*** Opening Available data ***
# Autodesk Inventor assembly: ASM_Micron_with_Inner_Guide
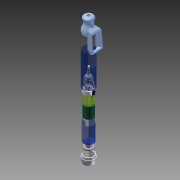
[picture p0: Inventor's stored thumbnail of the model, 180x180]
Saved by Autodesk Inventor 2011 SP2 (Build 150309200, 309)
## iProperties
Created: 2012-01-18
Part Number: ASM_Micron_with_Inner_Guide
Document SubType Name: Assembly
Designer: sungwook
Author: sungwook
## Documents named in this file (17)
- C:\Users\sungwook\Documents\Inventor\Micron20_Base_Tube_Adjst\05222012_Inner_Guide_Tube\ASM_Micron_with_Inner_Guide.iam
- C:\Users\sungwook\Documents\Inventor\Micron20_Base_Tube_Adjst\Parts\Main\Platform_Base_20mm_Rev_old.ipt
- C:\Users\sungwook\Documents\Inventor\Micron20_Base_Tube_Adjst\Parts\Main\Platform_Top_14mm_Rev.ipt
- C:\Users\sungwook\Documents\Inventor\Micron20_Base_Tube_Adjst\Parts\Tool\ASM_Tool_Tip_Rev.iam
- C:\Users\sungwook\Documents\Inventor\Micron20_Base_Tube_Adjst\Assembly\ASM_Motor_Unit_Rev.iam
- C:\Users\sungwook\Documents\Inventor\Micron20_Base_Tube_Adjst\Parts\Main\Eye_Pin_26Ga.ipt
- C:\Users\sungwook\Documents\Inventor\Content Center Files\R2011\en-US\ANSI B18.6.3(12)\ANSI B18.6.3 - 0-80 UNF - 0.1875(15_).ipt
- C:\Users\sungwook\Documents\Inventor\Micron20_Base_Tube_Adjst\Parts\Main\Spring.ipt
- C:\Users\sungwook\Documents\Inventor\Micron20_Base_Tube_Adjst\Parts\ASAP\Handle_ASAP.iam
- C:\Users\sungwook\Documents\Inventor\Micron20_Base_Tube_Adjst\Parts\ASAP\Platform_ASAP.iam
- C:\Users\sungwook\Documents\Inventor\Micron20_Base_Tube_Adjst\Parts\Electronics\PCB_Stack.iam
- C:\Users\sungwook\Documents\Inventor\Micron20_withOldMotor\Parts\Handle\Handle_1_Asm.iam
- C:\Users\sungwook\Documents\Inventor\Micron20_Base_Tube_Adjst\Parts\Handle\Handle_2_Asm.iam
- C:\Users\sungwook\Documents\Inventor\Micron20_Base_Tube_Adjst\Parts\Tool\Tool Mount_Rev.ipt
- C:\Users\sungwook\Documents\Inventor\Micron20_Base_Tube_Adjst\05222012_Inner_Guide_Tube\ss_inner_guide.ipt
- C:\Users\sungwook\Documents\Inventor\Micron20_Base_Tube_Adjst\Parts\Handle\Ver2(Al_RP)\Handle_2_rev2_Asm.iam
- C:\Users\sungwook\Documents\Inventor\Micron20_Base_Tube_Adjst\05222012_Inner_Guide_Tube\inner_guide_asm.iam
## Components (31 placed, 16 different names)
1. Platform_Base_20mm_Rev_old:1 — Mate:4, Mate:6, Mate:8, Angle:1, Mate:29, Mate:30, Mate:31, Mate:32, Flush:23, Mate:33, Mate:35, Mate:38, Mate:39, Mate:40, Mate:41, Mate:44, Flush:24, Flush:25
2. Platform_Top_14mm_Rev:1 — Mate:1, Mate:2, Mate:3, Mate:4, Mate:5, Mate:7, Angle:1, Mate:9, Mate:10, Angle:2, Mate:18, Mate:58, Mate:65
3. ASM_Tool_Tip_Rev:1 [sub-assembly] — Mate:1, Mate:2, Mate:3, Mate:11
4. Handle_ASAP:1 [sub-assembly] — Flush:1, Mate:29, Mate:30, Mate:31, Mate:38
5. Platform_ASAP:1 [sub-assembly] — Mate:16, Mate:17, Mate:18, Mate:57, Mate:59
6. PCB_Stack:1 [sub-assembly] — Mate:39, Mate:40, Mate:41, Mate:47, Mate:72, Mate:73
7. Handle_1_Asm:1 [sub-assembly] — Mate:42, Mate:43, Mate:44
8. Handle_2_Asm:1 [sub-assembly] — Mate:45, Mate:46, Mate:47, Mate:69
9. Tool Mount_Rev:1 — Mate:57, Mate:58, Mate:59, Mate:65
10. Handle_2_Asm:2 [sub-assembly] — Mate:62, Angle:4
11. ss_inner_guide:1 — Mate:68, Mate:69, Mate:70, Flush:24, Flush:25
12. Handle_2_rev2_Asm:1 [sub-assembly] — Mate:70, Mate:71, Mate:72
13. inner_guide_asm:1 [sub-assembly] — Mate:73, Mate:74
14. ASM_Motor_Unit_Rev:1 [sub-assembly] — Mate:5, Mate:6
15. ASM_Motor_Unit_Rev:2 [sub-assembly] — Mate:7, Mate:8
16. ASM_Motor_Unit_Rev:3 [sub-assembly]
17. ASM_Motor_Unit_Rev:4 [sub-assembly]
18. ASM_Motor_Unit_Rev:5 [sub-assembly]
19. ASM_Motor_Unit_Rev:6 [sub-assembly]
20. Cross Recessed Flat Countersunk Head Machine Screw - Type I - Inch 0-80 x 3/16:1 — Mate:11, Mate:16
21. Cross Recessed Flat Countersunk Head Machine Screw - Type I - Inch 0-80 x 3/16:2
22. Cross Recessed Flat Countersunk Head Machine Screw - Type I - Inch 0-80 x 3/16:3 — Mate:17
23. Eye_Pin_26Ga:1 — Mate:9, Mate:10, Angle:2, Mate:34, Mate:36, Mate:37
24. Spring:1 — Mate:33, Mate:34, Mate:35, Mate:36, Mate:37
25. Eye_Pin_26Ga:4 — Mate:32, Flush:23
26. Eye_Pin_26Ga:5
27. Spring:2
28. Eye_Pin_26Ga:6
29. Eye_Pin_26Ga:7
30. Spring:3
31. Eye_Pin_26Ga:8
## Component patterns: (3 elements, first: ASM_Motor_Unit_Rev:1 + ASM_Motor_Unit_Rev:2), Tool Mount Bolts (3 elements), (3 elements, first: Eye_Pin_26Ga:1 + Spring:1 + Eye_Pin_26Ga:4)
## Relationships (52: Mate 45, Flush 4, Angle 3)
- Mate:1: Platform_Top_14mm_Rev:1 ↔ ASM_Tool_Tip_Rev:1
- Mate:2: Platform_Top_14mm_Rev:1 ↔ ASM_Tool_Tip_Rev:1
- Mate:3: Platform_Top_14mm_Rev:1 ↔ ASM_Tool_Tip_Rev:1
- Mate:4: Platform_Base_20mm_Rev_old:1 ↔ Platform_Top_14mm_Rev:1
- Mate:5: Platform_Top_14mm_Rev:1 ↔ ASM_Motor_Unit_Rev:1
- Mate:6: Platform_Base_20mm_Rev_old:1 ↔ ASM_Motor_Unit_Rev:1
- Mate:7: Platform_Top_14mm_Rev:1 ↔ ASM_Motor_Unit_Rev:2
- Mate:8: Platform_Base_20mm_Rev_old:1 ↔ ASM_Motor_Unit_Rev:2
- Angle:1 (180 deg): Platform_Base_20mm_Rev_old:1 ↔ Platform_Top_14mm_Rev:1
- Mate:9: Platform_Top_14mm_Rev:1 ↔ Eye_Pin_26Ga:1
- Mate:10: Platform_Top_14mm_Rev:1 ↔ Eye_Pin_26Ga:1
- Angle:2 (0 deg): Platform_Top_14mm_Rev:1 ↔ Eye_Pin_26Ga:1
- Mate:16: Platform_ASAP:1 ↔ Cross Recessed Flat Countersunk Head Machine Screw - Type I - Inch 0-80 x 3/16:1
- Mate:17: Platform_ASAP:1 ↔ Cross Recessed Flat Countersunk Head Machine Screw - Type I - Inch 0-80 x 3/16:3
- Mate:18: Platform_Top_14mm_Rev:1 ↔ Platform_ASAP:1
- Flush:1: Handle_ASAP:1
- Mate:29 (4.302 mm): Platform_Base_20mm_Rev_old:1 ↔ Handle_ASAP:1
- Mate:30: Platform_Base_20mm_Rev_old:1 ↔ Handle_ASAP:1
- Mate:31: Platform_Base_20mm_Rev_old:1 ↔ Handle_ASAP:1
- Mate:32: Platform_Base_20mm_Rev_old:1 ↔ Eye_Pin_26Ga:4
- Flush:23: Platform_Base_20mm_Rev_old:1 ↔ Eye_Pin_26Ga:4
- Mate:33: Platform_Base_20mm_Rev_old:1 ↔ Spring:1
- Mate:34: Eye_Pin_26Ga:1 ↔ Spring:1
- Mate:35: Platform_Base_20mm_Rev_old:1 ↔ Spring:1
- Mate:36: Eye_Pin_26Ga:1 ↔ Spring:1
- Mate:37: Eye_Pin_26Ga:1 ↔ Spring:1
- Mate:38: Platform_Base_20mm_Rev_old:1 ↔ Handle_ASAP:1
- Mate:39: Platform_Base_20mm_Rev_old:1 ↔ PCB_Stack:1
- Mate:40: Platform_Base_20mm_Rev_old:1 ↔ PCB_Stack:1
- Mate:41: Platform_Base_20mm_Rev_old:1 ↔ PCB_Stack:1
- Mate:42: Handle_1_Asm:1
- Mate:43: Handle_1_Asm:1
- Mate:44: Platform_Base_20mm_Rev_old:1 ↔ Handle_1_Asm:1
- Mate:45: Handle_2_Asm:1
- Mate:46: Handle_2_Asm:1
- Mate:47: PCB_Stack:1 ↔ Handle_2_Asm:1
- Mate:57: Platform_ASAP:1 ↔ Tool Mount_Rev:1
- Mate:58: Platform_Top_14mm_Rev:1 ↔ Tool Mount_Rev:1
- Mate:59: Platform_ASAP:1 ↔ Tool Mount_Rev:1
- Mate:62: Handle_2_Asm:2
- Angle:4 (180 deg): Handle_2_Asm:2
- Mate:65: Platform_Top_14mm_Rev:1 ↔ Tool Mount_Rev:1
- Mate:68: ss_inner_guide:1
- Mate:69: Handle_2_Asm:1 ↔ ss_inner_guide:1
- Mate:70: ss_inner_guide:1 ↔ Handle_2_rev2_Asm:1
- Mate:71: Handle_2_rev2_Asm:1
- Mate:72: PCB_Stack:1 ↔ Handle_2_rev2_Asm:1
- Flush:24: Platform_Base_20mm_Rev_old:1 ↔ ss_inner_guide:1
- Flush:25: Platform_Base_20mm_Rev_old:1 ↔ ss_inner_guide:1
- Mate:73: PCB_Stack:1 ↔ inner_guide_asm:1
- Mate:74: inner_guide_asm:1
- Mate:11: ASM_Tool_Tip_Rev:1 ↔ Cross Recessed Flat Countersunk Head Machine Screw - Type I - Inch 0-80 x 3/16:1
*** Closing Available data ***
# [Work required]
Would you show every line in the data above that contains the string "Autodesk"?

# [Answer section]
# Autodesk Inventor assembly: ASM_Micron_with_Inner_Guide
Saved by Autodesk Inventor 2011 SP2 (Build 150309200, 309)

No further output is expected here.